Eder. Óleo de Irene Gracia
Marcelo Figueras
Durante el debate en la Villa Ocampo (siempre, insisto, de acuerdo a la crónica de Silvina Friera en Página 12) se habrían rozado algunas ideas de enorme potencial, pero tan sólo para dejarlas pasar de largo. La cuestión de la narrativa, central para ambas modalidades del arte, se habría transformado en otro enfrentamiento estéril entre los que parecían defender la narración mediante una historia lineal (en este caso, los novelistas) y los devotos de la narrativa que busca alternativas al modelo aristotélico de principio-desarrollo-final (en este caso, los cineastas de la generación más reciente). Lo cual constituye una discusión viciada de nulidad desde el comienzo, ya que la literatura viene proponiendo variantes al modelo narrativo clásico desde mucho tiempo antes de que Godard pudiese decir maman.
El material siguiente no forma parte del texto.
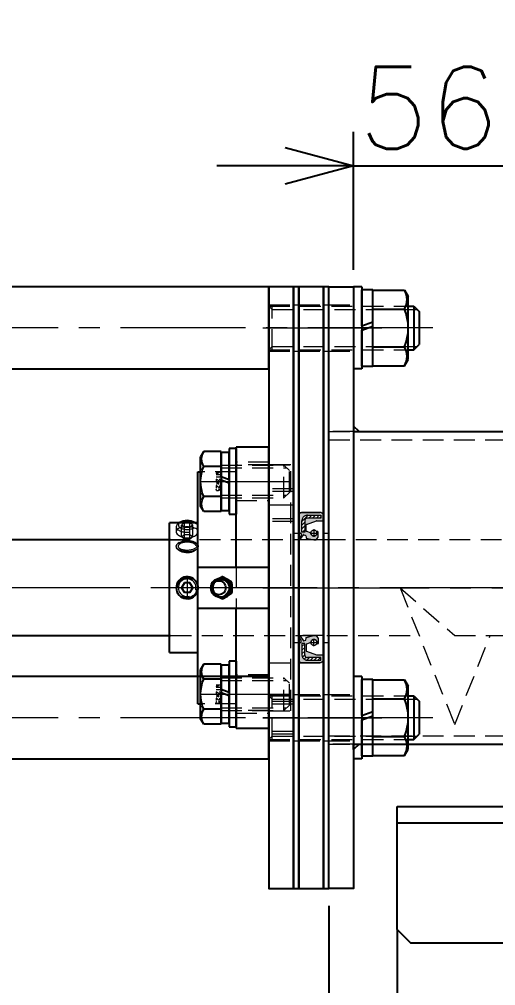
# Model space of a CAD drawing. Header units: millimetres. Extents: x 0 to 38884, y -3675 to 8056.
# Drawn here: x 25193.4 to 25367.7, y 1748.3 to 2101.6 of the extents above; entities that cross this region are included whole.
import ezdxf

# ---------------------------------------------------------------- set-up
doc = ezdxf.new("R2010")
doc.units = ezdxf.units.MM
doc.header["$LTSCALE"] = 2.4
doc.header["$PDMODE"] = 99
doc.header["$PDSIZE"] = 1
doc.linetypes.add('CENTER2', pattern=[28.575, 19.05, -3.175, 3.175, -3.175])
doc.linetypes.add('HIDDEN2', pattern=[4.7625, 3.175, -1.5875])
for name, color, linetype, lineweight in [('01_外形線', 7, 'Continuous', 25), ('02_細線', 5, 'Continuous', 13), ('03_かくれ線', 6, 'HIDDEN2', 13), ('04_中心線', 1, 'CENTER2', 9), ('08_DIM', 3, 'Continuous', 13)]:
    doc.layers.add(name, color=color, linetype=linetype, lineweight=lineweight)
doc.styles.add('KSS_TXT', font='txt.shx', dxfattribs={"bigfont": 'extfont2.shx'})
doc.styles.add('寸法用', font='simplex.shx', dxfattribs={"width": 0.8, "bigfont": '@extfont2.shx'})
doc.dimstyles.new('KSS_DIM', dxfattribs={"dimscale": 2, "dimtxt": 3, "dimasz": 2.5, "dimexe": 1.25, "dimexo": 0.625, "dimtad": 1, "dimdsep": 46, "dimtxsty": 'KSS_TXT', "dimblk": 'OPEN30', "dimcen": 0, "dimazin": 2, "dimtfac": 0.75, "dimtmove": 0, "dimatfit": 3, "dimldrblk": 'OPEN30', "dimfxl": 1.25, "dimtolj": 1, "dimarcsym": 0})
pattern_1 = [(225, (33244.3847, 2295.2417), (0.67351921, -0.67351921), [])]

# ---------------------------------------------------------------- blocks, each defined once
blk = doc.blocks.new('_Open30')
at = {"color": 0, "linetype": 'ByBlock', "lineweight": -2}
for p, q in [((-1, 0.268), (0, 0)), ((0, 0), (-1, -0.268)), ((0, 0), (-1, 0))]:
    blk.add_line(p, q, dxfattribs=at)
blk = doc.blocks.new('*D1208')
at = {"layer": '08_DIM', "color": 0, "lineweight": -2, "transparency": 16777216}
for p, q in [((24986.71, 1923), (24986.71, 2813.38)), ((25571.71, 2794.63), (25571.71, 2813.38)), ((25546.71, 2800.88), (25011.71, 2800.88))]:
    blk.add_line(p, q, dxfattribs=at)
at = {"layer": 'Defpoints', "color": 0, "transparency": 16777216}
for p in [(24986.71, 2800.88), (25571.71, 2788.38), (24986.71, 1916.75)]:
    blk.add_point(p, dxfattribs=at)
at = {"layer": '08_DIM', "color": 0, "lineweight": -2, "transparency": 16777216, "xscale": 25, "yscale": 25, "zscale": 25, "rotation": 180}
blk.add_blockref('_Open30', (24986.71, 2800.88), dxfattribs=at)
at = {"layer": '08_DIM', "color": 0, "lineweight": -2, "transparency": 16777216, "xscale": 25, "yscale": 25, "zscale": 25}
blk.add_blockref('_Open30', (25571.71, 2800.88), dxfattribs=at)
at = {"layer": '08_DIM', "color": 0, "transparency": 16777216, "insert": (25279.21, 2822.13), "char_height": 30, "attachment_point": 5, "style": 'KSS_TXT'}
blk.add_mtext('\\A1;585', dxfattribs=at)
blk = doc.blocks.new('A$C524B3920_1')
at = {"color": 0}
for p, q in [((-675, -6), (325, -6)), ((-675, -45), (-675, -240))]:
    blk.add_line(p, q, dxfattribs=at)
blk.add_lwpolyline([(-675, 0), (325, 0), (325, -45), (320, -50), (-670, -50), (-675, -45)], close=True, dxfattribs=at)
blk = doc.blocks.new('A$C741D14CE_1')
blk.add_blockref('A$C524B3920_1', (0, 0))
blk = doc.blocks.new('*D1183')
at = {"layer": '08_DIM', "color": 0, "lineweight": -2, "transparency": 16777216}
for p, q in [((26471.71, 1782.5), (26471.71, 1341.22)), ((25306.71, 1777.5), (25306.71, 1341.22)), ((25331.71, 1353.72), (26446.71, 1353.72))]:
    blk.add_line(p, q, dxfattribs=at)
at = {"layer": 'Defpoints', "color": 0, "transparency": 16777216}
for p in [(26471.71, 1788.75), (25306.71, 1783.75), (26471.71, 1353.72)]:
    blk.add_point(p, dxfattribs=at)
at = {"layer": '08_DIM', "color": 0, "lineweight": -2, "transparency": 16777216, "xscale": 25, "yscale": 25, "zscale": 25, "rotation": 180}
blk.add_blockref('_Open30', (25306.71, 1353.72), dxfattribs=at)
at = {"layer": '08_DIM', "color": 0, "lineweight": -2, "transparency": 16777216, "xscale": 25, "yscale": 25, "zscale": 25}
blk.add_blockref('_Open30', (26471.71, 1353.72), dxfattribs=at)
at = {"layer": '08_DIM', "color": 0, "transparency": 16777216, "char_height": 30, "attachment_point": 5, "style": 'KSS_TXT'}
for s, insert in [('\\A1;1165', (25889.21, 1374.97)), ('\\A1;(スクリューCV)', (25889.21, 1332.47))]:
    blk.add_mtext(s, dxfattribs=dict(at, insert=insert))
blk = doc.blocks.new('*D1215')
at = {"layer": '08_DIM', "color": 0, "lineweight": -2, "transparency": 16777216}
for p, q in [((25315.46, 2223.75), (24757.42, 2223.75)), ((24769.92, 1918.75), (24769.92, 2198.75)), ((24980.46, 1893.75), (24757.42, 1893.75))]:
    blk.add_line(p, q, dxfattribs=at)
at = {"layer": 'Defpoints', "color": 0, "transparency": 16777216}
for p in [(24769.92, 2223.75), (25321.71, 2223.75), (24986.71, 1893.75)]:
    blk.add_point(p, dxfattribs=at)
at = {"layer": '08_DIM', "color": 0, "lineweight": -2, "transparency": 16777216, "xscale": 25, "yscale": 25, "zscale": 25}
for p, rotation in [((24769.92, 2223.75), 90), ((24769.92, 1893.75), 270)]:
    blk.add_blockref('_Open30', p, dxfattribs=dict(at, rotation=rotation))
at = {"layer": '08_DIM', "color": 0, "transparency": 16777216, "insert": (24748.67, 2058.75), "char_height": 30, "attachment_point": 5, "rotation": 90, "style": 'KSS_TXT'}
blk.add_mtext('\\A1;330', dxfattribs=at)
blk = doc.blocks.new('*D1282')
at = {"layer": '08_DIM', "color": 0, "lineweight": -2, "transparency": 16777216}
for p, q in [((25315.71, 2010), (25315.71, 2060.51)), ((25371.71, 2010), (25371.71, 2060.51)), ((25290.71, 2048.01), (25265.71, 2048.01)), ((25315.71, 2048.01), (25371.71, 2048.01)), ((25396.71, 2048.01), (25421.71, 2048.01))]:
    blk.add_line(p, q, dxfattribs=at)
at = {"layer": 'Defpoints', "color": 0, "transparency": 16777216}
for p in [(25371.71, 2048.01), (25315.71, 2003.75), (25371.71, 2003.75)]:
    blk.add_point(p, dxfattribs=at)
at = {"layer": '08_DIM', "color": 0, "lineweight": -2, "transparency": 16777216, "xscale": 25, "yscale": 25, "zscale": 25}
blk.add_blockref('_Open30', (25315.71, 2048.01), dxfattribs=at)
at = {"layer": '08_DIM', "color": 0, "lineweight": -2, "transparency": 16777216, "xscale": 25, "yscale": 25, "zscale": 25, "rotation": 180}
blk.add_blockref('_Open30', (25371.71, 2048.01), dxfattribs=at)
at = {"layer": '08_DIM', "color": 0, "transparency": 16777216, "insert": (25343.19, 2069.26), "char_height": 30, "attachment_point": 5, "style": 'KSS_TXT'}
blk.add_mtext('\\A1;56', dxfattribs=at)
blk = doc.blocks.new('*D1283')
at = {"layer": '08_DIM', "color": 0, "lineweight": -2, "transparency": 16777216}
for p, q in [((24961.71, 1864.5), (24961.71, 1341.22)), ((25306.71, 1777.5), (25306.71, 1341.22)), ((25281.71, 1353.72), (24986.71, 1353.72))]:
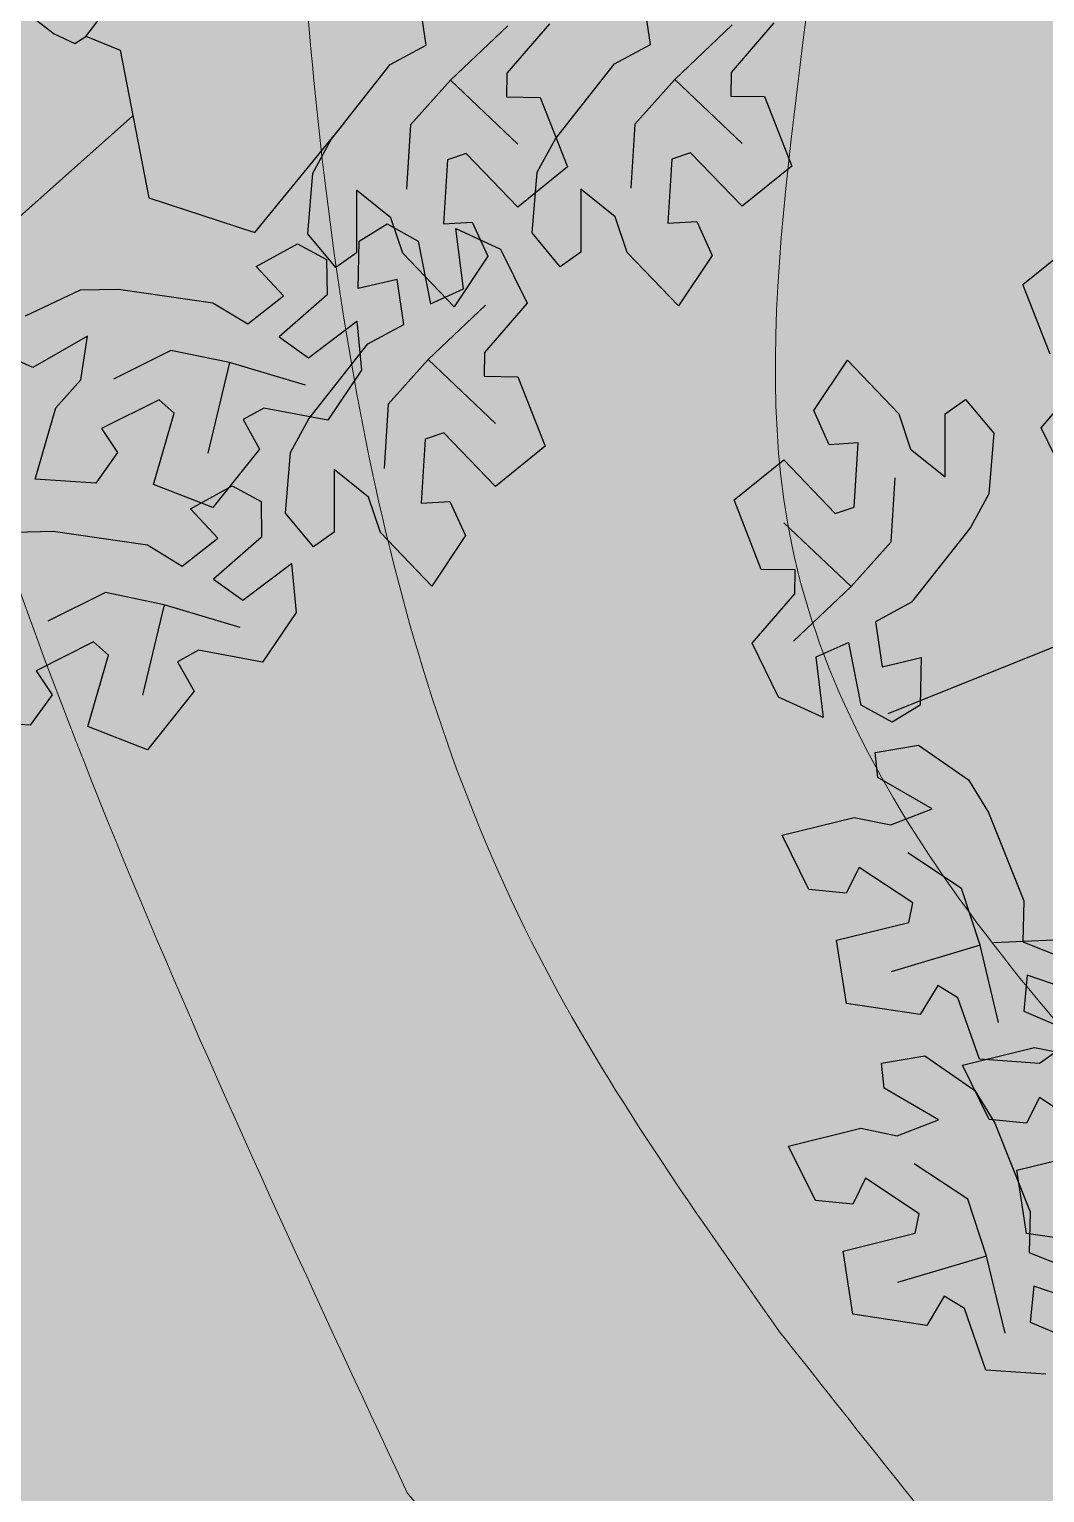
# Model space of a CAD drawing. Header units: millimetres. Extents: x 5637 to 6048, y 3385 to 3927.
# Drawn here: x 5969.145 to 5972.347, y 3552.349 to 3556.964 of the extents above; entities that cross this region are included whole.
import ezdxf

# ---------------------------------------------------------------- set-up
doc = ezdxf.new("R2010")
doc.units = ezdxf.units.MM
doc.layers.add('Contour Lines', color=253, linetype='Continuous')
doc.layers.add('hatch', color=253, linetype='Continuous', lineweight=13)
doc.layers.add('plants1', color=7, linetype='Continuous', true_color=0x89ee5d)
pattern_1 = [(45, (2816.368087035456, -1263.747613335156), (-0.2651650429449553, 0.2651650429449554), []), (135, (2816.368087035456, -1263.747613335156), (-0.795495128834866, 0.2651650429449554), [0.9375, -0.5625])]
pattern_2 = [(45, (2816.368087035456, -1263.747613335156), (-0.7071067811865475, 0.7071067811865476), [])]

# ---------------------------------------------------------------- blocks, each defined once
blk = doc.blocks.new('212')
at = {"color": 48, "linetype": 'Continuous'}
for p, q in [((2811.994493891349, 4856.62311520042), (2812.151323810915, 4856.749459021021)), ((2812.080492424158, 4856.403902334082), (2811.994493891349, 4856.62311520042)), ((2811.334828469638, 4856.225636511593), (2811.441203782387, 4856.384647187642)), ((2811.441203782387, 4856.384647187642), (2811.603345334378, 4856.215755574175)), ((2812.051791515508, 4856.171539424296), (2812.185690258016, 4856.327470268865)), ((2811.383733700905, 4856.117995999814), (2811.334828469638, 4856.225636511593)), ((2811.603345334378, 4856.215755574175), (2811.640448219082, 4856.104183788001)), ((2811.749500748599, 4856.214893841594), (2811.81392271294, 4856.261048219779)), ((2811.81392271294, 4856.261048219779), (2811.90239947236, 4856.154331427861)), ((2811.749309170393, 4856.016741288751), (2811.749500748599, 4856.214893841594)), ((2812.134959262877, 4856.001108532534), (2812.051791515508, 4856.171539424296)), ((2811.47476096388, 4856.123529530487), (2811.383733700905, 4856.117995999814)), ((2811.462512272508, 4855.921363274757), (2811.47476096388, 4856.123529530487)), ((2811.90239947236, 4856.154331427861), (2811.886482871948, 4855.963175321971)), ((2811.640448219082, 4856.104183788001), (2811.749309170393, 4856.016741288751)), ((2811.083493353446, 4855.943962461738), (2811.24033285617, 4856.070306850722)), ((2811.24033285617, 4856.070306850722), (2811.402734250542, 4855.901493158356)), ((2811.578588961833, 4855.811330766876), (2811.591096643005, 4856.013589318448)), ((2811.169496677837, 4855.724749879591), (2811.083493353446, 4855.943962461738)), ((2811.886482871948, 4855.963175321971), (2811.828813800309, 4855.857320831019)), ((2811.402734250542, 4855.901493158356), (2811.462512272508, 4855.921363274757)), ((2811.453089290806, 4855.67041955184), (2811.240146353744, 4855.872149790492)), ((2811.828813800309, 4855.857320831019), (2811.642633185366, 4855.621286828172)), ((2811.453089290806, 4855.67041955184), (2811.578588961833, 4855.811330766876)), ((2811.276335614704, 4855.723042064057), (2811.169496677837, 4855.724749879591)), ((2811.169496677837, 4855.724749879591), (2811.169496677837, 4855.724749879591)), ((2811.274689720113, 4855.648317530182), (2811.276335614704, 4855.723042064057)), ((2811.271489942582, 4855.49861426421), (2811.453089290806, 4855.67041955184)), ((2811.140790977603, 4855.492386685615), (2811.274689720113, 4855.648317530182)), ((2811.642633185366, 4855.621286828172), (2811.529758343701, 4855.559780784492)), ((2812.356939811203, 4855.587169913345), (2811.568480681108, 4855.269705339804)), ((2811.529758343701, 4855.559780784492), (2811.550149452933, 4855.417929631578)), ((2811.223958724978, 4855.321955793852), (2811.140790977603, 4855.492386685615)), ((2811.445221044619, 4855.494440186279), (2811.341405250203, 4855.447689984365)), ((2811.484346512155, 4855.297124133232), (2811.445221044619, 4855.494440186279)), ((2811.341405250203, 4855.447689984365), (2811.364805411341, 4855.257375169845)), ((2811.550149452933, 4855.417929631578), (2811.673348879629, 4855.446667876742)), ((2811.673348879629, 4855.446667876742), (2811.670149102098, 4855.296964610769)), ((2811.364805411341, 4855.257375169845), (2811.223958724978, 4855.321955793852)), ((2811.581871332839, 4855.242884705808), (2811.484346512155, 4855.297124133232)), ((2811.484346512155, 4855.297124133232), (2811.484346512155, 4855.297124133232)), ((2811.670149102098, 4855.296964610769), (2811.581871332839, 4855.242884705808)), ((2811.52871876694, 4855.147708354421), (2811.665389242934, 4855.170970569546)), ((2811.665389242934, 4855.170970569546), (2811.822970615071, 4855.06161580572)), ((2811.536479055548, 4855.068834250164), (2811.52871876694, 4855.147708354421)), ((2811.707991806141, 4854.969590855142), (2811.536479055548, 4855.068834250164)), ((2811.822970615071, 4855.06161580572), (2811.885816585361, 4854.958740237961)), ((2814.348306236221, 4854.875583835537), (2814.327924425955, 4855.017440348415)), ((2815.055843303822, 4854.878018237871), (2815.035451910398, 4855.019874182365)), ((2811.235328258273, 4854.886721434249), (2811.462664133001, 4854.942697035663)), ((2811.462664133001, 4854.942697035663), (2811.577849058657, 4854.919043259734)), ((2811.577849058657, 4854.919043259734), (2811.707991806141, 4854.969590855142)), ((2811.885816585361, 4854.958740237961), (2811.997129883545, 4854.67948083829)), ((2813.121229512425, 4854.953131115215), (2813.175199853658, 4854.911128036661)), ((2813.275901076806, 4854.90321393998), (2813.321092999452, 4854.961628879092)), ((2814.606593803657, 4854.936751492589), (2814.424994171245, 4854.764950996536)), ((2814.737283185478, 4854.942978502799), (2814.603384442968, 4854.787047658231)), ((2815.3141212881, 4854.939185326539), (2815.132521655688, 4854.767384830488)), ((2815.444819968885, 4854.945417696711), (2815.310921226377, 4854.789486852144)), ((2811.319850668308, 4854.715096653199), (2811.235328258273, 4854.886721434249)), ((2813.175199853658, 4854.911128036661), (2813.240686953889, 4854.880141352921)), ((2813.240686953889, 4854.880141352921), (2813.275901076806, 4854.90321393998)), ((2813.275563313323, 4854.903395861256), (2813.383684374646, 4854.859478710135)), ((2814.942977761128, 4854.816517554156), (2815.055843303822, 4854.878018237871)), ((2813.383684374646, 4854.859478710135), (2813.474389565411, 4854.393982866287)), ((2814.235440693528, 4854.81408315182), (2814.348306236221, 4854.875583835537)), ((2811.800522569841, 4854.719044173101), (2811.631626122466, 4854.831007184245)), ((2814.049260078585, 4854.578049148974), (2814.235440693528, 4854.81408315182)), ((2814.603384442968, 4854.787047658231), (2814.601748131538, 4854.712323692741)), ((2814.756782771445, 4854.580482698731), (2814.942977761128, 4854.816517554156)), ((2815.310921226377, 4854.789486852144), (2815.309275615982, 4854.714757526689)), ((2811.478240100761, 4854.785231001648), (2811.437520528811, 4854.703620965523)), ((2811.647193075453, 4854.673530998686), (2811.478240100761, 4854.785231001648)), ((2814.424994171245, 4854.764950996536), (2814.299485201252, 4854.624034421537)), ((2814.424994171245, 4854.764950996536), (2814.637937392501, 4854.563215966305)), ((2815.132521655688, 4854.767384830488), (2815.007022268853, 4854.62646882387)), ((2815.132521655688, 4854.767384830488), (2815.345464876944, 4854.565649800254)), ((2811.437520528811, 4854.703620965523), (2811.319850668308, 4854.715096653199)), ((2811.859814321881, 4854.539893165244), (2811.800522569841, 4854.719044173101)), ((2814.601748131538, 4854.712323692741), (2814.708577485245, 4854.710615308821)), ((2814.708577485245, 4854.710615308821), (2814.708577485245, 4854.710615308821)), ((2814.708577485245, 4854.710615308821), (2814.794571226477, 4854.491402158291)), ((2815.309275615982, 4854.714757526689), (2815.416099893914, 4854.713053650158)), ((2815.416099893914, 4854.713053650158), (2815.416099893914, 4854.713053650158)), ((2815.416099893914, 4854.713053650158), (2815.502108009886, 4854.493841352204)), ((2811.634518214991, 4854.611832326871), (2811.647193075453, 4854.673530998686)), ((2811.997129883545, 4854.67948083829), (2811.993956170431, 4854.550984317546)), ((2813.424082542587, 4854.652135619488), (2813.037993478343, 4854.309210984502)), ((2811.407121305561, 4854.555588641506), (2811.634518214991, 4854.611832326871)), ((2813.80883813023, 4854.284409841612), (2814.091074646983, 4854.630738882629)), ((2814.299485201252, 4854.624034421537), (2814.286977235887, 4854.421780661545)), ((2815.007022268853, 4854.62646882387), (2814.994514303484, 4854.424215063881)), ((2811.438119144286, 4854.356593232394), (2811.407121305561, 4854.555588641506)), ((2812.593401918863, 4854.577296077027), (2811.901601262198, 4854.547891663305)), ((2813.991586499551, 4854.472189582251), (2814.049260078585, 4854.578049148974)), ((2814.699118491383, 4854.474628491971), (2814.756782771445, 4854.580482698731)), ((2811.859814321881, 4854.539893165244), (2811.578628980385, 4854.456349753873)), ((2811.917801395058, 4854.296722204331), (2811.859814321881, 4854.539893165244)), ((2811.993956170431, 4854.550984317546), (2812.127001241928, 4854.497712023398)), ((2814.415561890573, 4854.514001913655), (2814.403313199205, 4854.311835657927)), ((2814.475330329381, 4854.533871461672), (2814.415561890573, 4854.514001913655)), ((2814.637741306911, 4854.365058337692), (2814.475330329381, 4854.533871461672)), ((2815.123089375016, 4854.516435747603), (2815.110850266805, 4854.314270060261)), ((2815.182867396982, 4854.536305864007), (2815.123089375016, 4854.516435747603)), ((2815.345268791354, 4854.367492171641), (2815.182867396982, 4854.536305864007)), ((2813.975674690725, 4854.281033760552), (2813.991586499551, 4854.472189582251)), ((2814.794571226477, 4854.491402158291), (2814.637741306911, 4854.365058337692)), ((2814.683202175168, 4854.283467594502), (2814.699118491383, 4854.474628491971)), ((2815.502108009886, 4854.493841352204), (2815.345268791354, 4854.367492171641)), ((2812.008280695964, 4854.445101079157), (2811.996857561922, 4854.331814820138)), ((2812.198713861028, 4854.380326366217), (2812.008280695964, 4854.445101079157)), ((2814.12877457585, 4854.418624468044), (2814.128573414486, 4854.22047134682)), ((2814.237616360845, 4854.33118083203), (2814.12877457585, 4854.418624468044)), ((2814.836302060288, 4854.421058301996), (2814.836100614737, 4854.222909972349)), ((2814.945147784289, 4854.33362932491), (2814.836302060288, 4854.421058301996)), ((2811.725853495396, 4854.413141031792), (2811.670959271512, 4854.321467707792)), ((2811.789750151147, 4854.374352095948), (2811.725853495396, 4854.413141031792)), ((2811.857837934141, 4854.180422346335), (2811.789750151147, 4854.374352095948)), ((2813.474389565411, 4854.393982866287), (2813.80883813023, 4854.284409841612)), ((2811.670959271512, 4854.321467707792), (2811.438119144286, 4854.356593232394)), ((2811.996857561922, 4854.331814820138), (2812.173364140111, 4854.256929022588)), ((2814.274718961357, 4854.219613837432), (2814.237616360845, 4854.33118083203)), ((2814.982251237377, 4854.222047955575), (2814.945147784289, 4854.33362932491)), ((2811.670959271512, 4854.321467707792), (2811.670959271512, 4854.321467707792)), ((2814.064151450145, 4854.174316968634), (2813.975674690725, 4854.281033760552)), ((2814.137497006488, 4854.257616845896), (2814.225774775746, 4854.311696750859)), ((2814.225774775746, 4854.311696750859), (2814.323299596427, 4854.257457323434)), ((2814.403313199205, 4854.311835657927), (2814.494340177987, 4854.317373980179)), ((2814.466240858378, 4854.106891472302), (2814.44284069724, 4854.297206286818)), ((2814.44284069724, 4854.297206286818), (2814.583692175185, 4854.232625947004)), ((2814.494340177987, 4854.317373980179), (2814.543245693442, 4854.209728676821)), ((2814.771688517746, 4854.176751370968), (2814.683202175168, 4854.283467594502)), ((2815.110850266805, 4854.314270060261), (2815.201867662426, 4854.319807814128)), ((2815.201867662426, 4854.319807814128), (2815.250772893693, 4854.21216730235)), ((2812.173364140111, 4854.256929022588), (2812.047028671751, 4854.167240580562)), ((2813.812222660319, 4854.177243030528), (2813.943464098603, 4854.249315836499)), ((2813.943464098603, 4854.249315836499), (2814.034441365823, 4854.199914837909)), ((2814.134297228957, 4854.107913579923), (2814.137497006488, 4854.257616845896)), ((2814.323299596427, 4854.257457323434), (2814.323299596427, 4854.257457323434)), ((2814.323299596427, 4854.257457323434), (2814.362425063963, 4854.060141270384)), ((2814.583692175185, 4854.232625947004), (2814.666855130978, 4854.062194771049)), ((2811.548935377861, 4854.167597148052), (2811.685605569662, 4854.190864154759)), ((2811.685605569662, 4854.190864154759), (2811.843187225991, 4854.081504599353)), ((2811.803474079597, 4854.161527295406), (2812.03081052271, 4854.217493313663)), ((2812.03081052271, 4854.217493313663), (2812.145976282046, 4854.193838400966)), ((2814.034441365823, 4854.199914837909), (2814.036227611732, 4854.088320831272)), ((2814.128573414486, 4854.22047134682), (2814.064151450145, 4854.174316968634)), ((2814.436870380698, 4854.05071800077), (2814.274718961357, 4854.219613837432)), ((2814.543245693442, 4854.209728676821), (2814.436870380698, 4854.05071800077)), ((2814.836100614737, 4854.222909972349), (2814.771688517746, 4854.176751370968)), ((2815.144397865141, 4854.053151834719), (2814.982251237377, 4854.222047955575)), ((2815.250772893693, 4854.21216730235), (2815.144397865141, 4854.053151834719)), ((2811.556695666468, 4854.088723043798), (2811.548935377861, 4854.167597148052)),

Todo indica que se perdió una oportunidad para intercambiar figuritas sobre problemas comunes a ambas disciplinas. Tanto la literatura como el cine atraviesan crisis que les demandan nuevas respuestas a viejos planteos. El primer dilema es simple: ¿cómo narrar? Porque los modelos de antaño ya no rinden como solían hacerlo. En el último siglo, el mundo se transformó a una velocidad infinitamente superior a la que tanto el cine como la literatura necesitan, del modo más orgánico, para evolucionar. Y conste que no digo cambiar, porque cambiar cambia cualquiera –de eso se tratan las modas. Digo más bien evolucionar, y en el sentido más darwiniano del concepto: aquel que supone la incorporación general de los cambios puestos a prueba, y con todo éxito, por aquellos que se adaptaron mejor al nuevo ambiente.
Friera reprodujo con detalle un argumento sobre lo que supone narrar, que Llinás pronunció a partir del ejemplo de un film de Kiarostami: “El (o sea Kiarostami) plantea un encuadre de la costa del mar y vienen olas… Lo único que hace es filmar las olas y la orilla. En un momento aparece una frágil ramita y una ola la saca del encuadre. Como espectador, uno establece una relación con esa rama en el mar Caspio; uno está viendo las aventuras de esa ramita y está esperando que vuelva una ola para que la meta en el encuadre de nuevo. Eso es narración”.
No lo dudo. Cuando uno presenta un cuadro prácticamente vacío, o escribe escenas en las que no pasa nada, el lector –ya sea del film o del relato escrito- se tomará sin duda del primer elemento dramático que se le cruce por delante, con la ansiedad del náufrago que se aferra a cualquier cosa que le permita seguir flotando. La cuestión que a mi entender salta a la vista del modo más escandaloso es la siguiente: ¿cuántos de nosotros pagaríamos una entrada o compraríamos un libro para seguir atentamente las aventuras de una ramita?
La cuestión del cómo narrar resulta inseparable del otro dilema: ¿para qué narrar? Y hasta donde puedo ver, en estos tiempos existen demasiados narradores (tanto literarios como cinematográficos: aquí no hay nadie en condiciones de arrojar la primera piedra) que siguen rizando el rizo de la narrativa, del cómo narrar, a partir de la premisa falsa de que la obra existe en un estado puro e incontaminado. Gente que escribe y que filma como si creyese que la obra no necesita más justificación que su misma existencia. Gente que escribe y que filma para colocar su obra en una vitrina sellada, una suerte de vacío perfecto donde será preservada por siempre, lejos de la degradación a que la mirada del otro, la lectura del otro, la sometería si esa obra saliese de su vitrina para actuar en el mundo.
Y esto es un error. Uno gordo, tirando a craso. Como lo sabía hasta Kafka, que por algo dejó a Max Brod de albacea en lugar de tirar sus originales a la chimenea, uno sólo escribe (y por extensión, sólo filma) para ser leído. Por perfecta, por genial que sea, la obra en el interior de la vitrina sellada no es nada ni sirve de nada. Su existencia no comienza en la mente del artista, ni concluye en el soporte elegido, del mismo modo en que el universo no era este universo cuando existía apenas como idea en la mente de Dios.
El Big Bang ocurre cuando el creador da por terminada su tarea e interviene lo Otro, el Otro –en este caso, el Lector: aquel de la novela o este del film.
Por eso mismo, la existencia de tanto narrador encantado con las aventuras de la ramita habla, a mi entender, menos de una propuesta estética que de un temor a actuar en el mundo, temor que disfrazan de desprecio como la zorra de la fábula ante las uvas, diciendo que no quieren contaminarse cuando por dentro morirían por hacer lo que hacen y han hecho siempre los grandes artistas: copular locamente, y de la manera más indiscriminada, con la mayor cantidad posible de público lector.